Exercise objective: Every line from the one with "line L60 (157.5896, 99.6068)" to the one with "line L73 (351.9738, 162.469)", including those two, is to be copied exactly; all other lines of the entries below are left out.

Information provided:
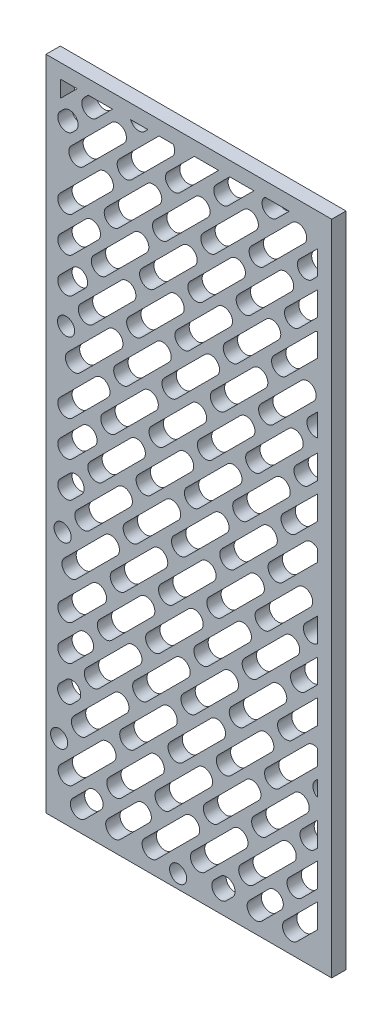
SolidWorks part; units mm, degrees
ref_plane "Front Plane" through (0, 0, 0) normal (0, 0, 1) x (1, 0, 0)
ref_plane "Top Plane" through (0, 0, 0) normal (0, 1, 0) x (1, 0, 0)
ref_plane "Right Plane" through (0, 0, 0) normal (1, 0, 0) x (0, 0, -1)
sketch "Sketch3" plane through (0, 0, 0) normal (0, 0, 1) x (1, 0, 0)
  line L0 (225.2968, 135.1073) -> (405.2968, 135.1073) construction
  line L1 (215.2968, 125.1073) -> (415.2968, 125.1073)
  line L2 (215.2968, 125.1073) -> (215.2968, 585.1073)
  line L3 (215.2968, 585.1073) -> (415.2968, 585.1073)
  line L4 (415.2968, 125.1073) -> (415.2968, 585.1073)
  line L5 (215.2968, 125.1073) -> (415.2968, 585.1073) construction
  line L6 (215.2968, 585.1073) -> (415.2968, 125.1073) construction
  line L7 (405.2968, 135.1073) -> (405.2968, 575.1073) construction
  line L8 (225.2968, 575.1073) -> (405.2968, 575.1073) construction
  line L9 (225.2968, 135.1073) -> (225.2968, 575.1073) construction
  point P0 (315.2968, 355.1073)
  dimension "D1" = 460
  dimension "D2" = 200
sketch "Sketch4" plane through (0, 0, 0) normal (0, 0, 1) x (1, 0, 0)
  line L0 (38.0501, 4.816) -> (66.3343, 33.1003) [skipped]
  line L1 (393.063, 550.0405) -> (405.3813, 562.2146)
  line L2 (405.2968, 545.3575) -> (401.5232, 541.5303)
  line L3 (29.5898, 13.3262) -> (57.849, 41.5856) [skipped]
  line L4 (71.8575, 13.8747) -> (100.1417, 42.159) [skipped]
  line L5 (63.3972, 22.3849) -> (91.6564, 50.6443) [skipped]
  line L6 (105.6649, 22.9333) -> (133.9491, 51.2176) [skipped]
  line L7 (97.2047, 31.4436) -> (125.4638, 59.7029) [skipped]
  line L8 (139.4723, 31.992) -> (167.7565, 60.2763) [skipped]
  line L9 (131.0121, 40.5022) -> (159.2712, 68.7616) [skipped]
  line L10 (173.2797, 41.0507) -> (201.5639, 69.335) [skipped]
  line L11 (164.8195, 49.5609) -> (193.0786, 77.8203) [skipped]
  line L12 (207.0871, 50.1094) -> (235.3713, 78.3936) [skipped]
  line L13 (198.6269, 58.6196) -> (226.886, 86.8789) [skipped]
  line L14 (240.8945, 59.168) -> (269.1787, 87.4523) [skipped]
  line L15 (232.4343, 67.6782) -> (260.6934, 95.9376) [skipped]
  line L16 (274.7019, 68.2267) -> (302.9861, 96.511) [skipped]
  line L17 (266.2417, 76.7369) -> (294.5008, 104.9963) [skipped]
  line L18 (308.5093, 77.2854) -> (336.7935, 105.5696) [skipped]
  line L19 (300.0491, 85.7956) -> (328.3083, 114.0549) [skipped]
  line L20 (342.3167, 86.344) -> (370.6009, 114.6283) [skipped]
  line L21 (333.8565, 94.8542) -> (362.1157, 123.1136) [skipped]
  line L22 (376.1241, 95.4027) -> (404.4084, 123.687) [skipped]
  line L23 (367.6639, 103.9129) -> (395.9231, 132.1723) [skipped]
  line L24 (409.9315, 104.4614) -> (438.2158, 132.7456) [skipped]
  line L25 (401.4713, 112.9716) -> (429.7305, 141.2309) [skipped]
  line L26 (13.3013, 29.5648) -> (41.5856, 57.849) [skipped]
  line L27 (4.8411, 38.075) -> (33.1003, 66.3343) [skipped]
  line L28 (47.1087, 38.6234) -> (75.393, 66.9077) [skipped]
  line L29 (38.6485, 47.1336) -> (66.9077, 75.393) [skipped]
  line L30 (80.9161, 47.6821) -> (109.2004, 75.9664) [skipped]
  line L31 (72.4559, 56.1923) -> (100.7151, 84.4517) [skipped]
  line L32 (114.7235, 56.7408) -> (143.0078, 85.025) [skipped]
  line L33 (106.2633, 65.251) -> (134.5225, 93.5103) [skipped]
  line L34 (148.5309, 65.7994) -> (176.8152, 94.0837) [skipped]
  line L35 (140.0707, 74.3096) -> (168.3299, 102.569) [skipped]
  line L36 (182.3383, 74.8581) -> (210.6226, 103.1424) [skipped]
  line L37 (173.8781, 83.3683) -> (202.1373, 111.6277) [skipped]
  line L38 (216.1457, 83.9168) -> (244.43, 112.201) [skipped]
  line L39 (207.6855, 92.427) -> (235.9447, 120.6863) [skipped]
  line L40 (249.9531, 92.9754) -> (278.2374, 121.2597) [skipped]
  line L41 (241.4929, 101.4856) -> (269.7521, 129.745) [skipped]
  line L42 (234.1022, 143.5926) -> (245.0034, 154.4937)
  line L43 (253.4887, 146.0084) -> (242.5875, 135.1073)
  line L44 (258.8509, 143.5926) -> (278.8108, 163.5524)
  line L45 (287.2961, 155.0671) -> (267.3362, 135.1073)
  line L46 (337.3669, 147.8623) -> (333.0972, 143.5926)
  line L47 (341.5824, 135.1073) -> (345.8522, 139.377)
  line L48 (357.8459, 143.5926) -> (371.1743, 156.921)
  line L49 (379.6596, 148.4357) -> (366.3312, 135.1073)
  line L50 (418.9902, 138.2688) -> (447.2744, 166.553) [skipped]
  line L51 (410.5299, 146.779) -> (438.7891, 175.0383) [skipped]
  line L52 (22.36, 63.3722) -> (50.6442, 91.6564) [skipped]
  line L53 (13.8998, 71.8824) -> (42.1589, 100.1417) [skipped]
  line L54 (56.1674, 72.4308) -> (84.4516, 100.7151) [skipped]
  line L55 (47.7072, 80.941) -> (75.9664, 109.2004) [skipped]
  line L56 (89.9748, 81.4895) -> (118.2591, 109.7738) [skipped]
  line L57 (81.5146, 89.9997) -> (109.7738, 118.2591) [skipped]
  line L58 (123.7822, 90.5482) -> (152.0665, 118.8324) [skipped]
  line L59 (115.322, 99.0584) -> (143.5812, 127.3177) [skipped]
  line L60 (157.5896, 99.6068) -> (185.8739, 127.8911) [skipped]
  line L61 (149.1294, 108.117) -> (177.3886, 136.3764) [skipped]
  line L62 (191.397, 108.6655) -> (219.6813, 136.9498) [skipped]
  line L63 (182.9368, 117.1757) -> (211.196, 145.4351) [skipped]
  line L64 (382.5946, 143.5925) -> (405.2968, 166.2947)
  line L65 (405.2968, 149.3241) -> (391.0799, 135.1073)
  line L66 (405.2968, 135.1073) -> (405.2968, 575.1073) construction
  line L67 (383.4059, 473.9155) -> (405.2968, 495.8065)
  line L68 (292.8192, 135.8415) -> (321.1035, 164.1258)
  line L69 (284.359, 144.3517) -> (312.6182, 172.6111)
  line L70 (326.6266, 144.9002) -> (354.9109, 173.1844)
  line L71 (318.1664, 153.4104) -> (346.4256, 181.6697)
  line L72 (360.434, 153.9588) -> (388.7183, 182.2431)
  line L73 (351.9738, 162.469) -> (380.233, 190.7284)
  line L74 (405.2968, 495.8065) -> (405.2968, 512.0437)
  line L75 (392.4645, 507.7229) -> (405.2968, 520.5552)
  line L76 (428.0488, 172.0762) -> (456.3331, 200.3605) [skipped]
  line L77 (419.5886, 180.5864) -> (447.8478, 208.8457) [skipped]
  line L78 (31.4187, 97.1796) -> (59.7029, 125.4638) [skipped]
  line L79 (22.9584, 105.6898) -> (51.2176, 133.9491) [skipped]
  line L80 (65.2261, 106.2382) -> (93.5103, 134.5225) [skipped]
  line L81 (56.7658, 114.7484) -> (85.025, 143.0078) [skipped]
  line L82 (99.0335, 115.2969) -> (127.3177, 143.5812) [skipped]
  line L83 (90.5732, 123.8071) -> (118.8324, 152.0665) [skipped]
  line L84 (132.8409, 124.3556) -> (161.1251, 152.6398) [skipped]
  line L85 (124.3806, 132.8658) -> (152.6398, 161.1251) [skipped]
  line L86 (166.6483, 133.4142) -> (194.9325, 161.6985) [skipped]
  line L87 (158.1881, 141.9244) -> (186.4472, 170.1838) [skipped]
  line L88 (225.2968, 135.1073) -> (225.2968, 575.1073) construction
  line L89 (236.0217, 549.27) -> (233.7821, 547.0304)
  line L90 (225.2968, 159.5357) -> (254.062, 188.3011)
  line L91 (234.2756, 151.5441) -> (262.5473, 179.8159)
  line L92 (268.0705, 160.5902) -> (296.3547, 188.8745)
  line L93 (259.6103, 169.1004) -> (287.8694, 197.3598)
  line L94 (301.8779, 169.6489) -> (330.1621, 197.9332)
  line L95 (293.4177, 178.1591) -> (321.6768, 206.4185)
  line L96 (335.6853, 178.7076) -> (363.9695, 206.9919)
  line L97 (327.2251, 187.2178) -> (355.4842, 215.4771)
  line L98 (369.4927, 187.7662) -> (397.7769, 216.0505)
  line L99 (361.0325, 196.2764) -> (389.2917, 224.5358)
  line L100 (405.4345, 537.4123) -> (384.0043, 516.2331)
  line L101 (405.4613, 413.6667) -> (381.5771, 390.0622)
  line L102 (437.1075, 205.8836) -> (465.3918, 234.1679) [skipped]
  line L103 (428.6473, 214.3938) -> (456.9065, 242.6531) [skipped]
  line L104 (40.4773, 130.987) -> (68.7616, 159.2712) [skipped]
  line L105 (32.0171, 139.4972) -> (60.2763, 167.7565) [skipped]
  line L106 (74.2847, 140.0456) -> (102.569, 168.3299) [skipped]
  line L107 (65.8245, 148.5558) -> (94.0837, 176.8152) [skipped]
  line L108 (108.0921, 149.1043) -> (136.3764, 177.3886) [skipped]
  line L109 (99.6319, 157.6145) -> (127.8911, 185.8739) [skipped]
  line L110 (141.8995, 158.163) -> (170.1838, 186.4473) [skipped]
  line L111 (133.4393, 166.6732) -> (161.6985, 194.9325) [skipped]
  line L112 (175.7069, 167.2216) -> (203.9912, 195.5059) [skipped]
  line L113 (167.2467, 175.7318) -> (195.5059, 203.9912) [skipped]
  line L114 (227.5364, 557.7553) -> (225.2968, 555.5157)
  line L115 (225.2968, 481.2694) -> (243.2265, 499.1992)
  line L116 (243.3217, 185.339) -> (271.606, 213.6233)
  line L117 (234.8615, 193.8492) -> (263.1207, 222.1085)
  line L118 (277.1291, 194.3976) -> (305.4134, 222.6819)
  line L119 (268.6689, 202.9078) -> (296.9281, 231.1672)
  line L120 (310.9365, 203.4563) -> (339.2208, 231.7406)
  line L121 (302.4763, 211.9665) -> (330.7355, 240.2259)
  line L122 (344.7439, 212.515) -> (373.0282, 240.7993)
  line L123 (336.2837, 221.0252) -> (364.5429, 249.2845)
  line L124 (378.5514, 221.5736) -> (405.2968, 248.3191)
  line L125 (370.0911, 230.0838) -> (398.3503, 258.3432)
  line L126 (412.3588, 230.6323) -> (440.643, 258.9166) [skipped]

Answer section:
  line L60 (157.5896, 99.6068) -> (185.8739, 127.8911) [skipped]
  line L61 (149.1294, 108.117) -> (177.3886, 136.3764) [skipped]
  line L62 (191.397, 108.6655) -> (219.6813, 136.9498) [skipped]
  line L63 (182.9368, 117.1757) -> (211.196, 145.4351) [skipped]
  line L64 (382.5946, 143.5925) -> (405.2968, 166.2947)
  line L65 (405.2968, 149.3241) -> (391.0799, 135.1073)
  line L66 (405.2968, 135.1073) -> (405.2968, 575.1073) construction
  line L67 (383.4059, 473.9155) -> (405.2968, 495.8065)
  line L68 (292.8192, 135.8415) -> (321.1035, 164.1258)
  line L69 (284.359, 144.3517) -> (312.6182, 172.6111)
  line L70 (326.6266, 144.9002) -> (354.9109, 173.1844)
  line L71 (318.1664, 153.4104) -> (346.4256, 181.6697)
  line L72 (360.434, 153.9588) -> (388.7183, 182.2431)
  line L73 (351.9738, 162.469) -> (380.233, 190.7284)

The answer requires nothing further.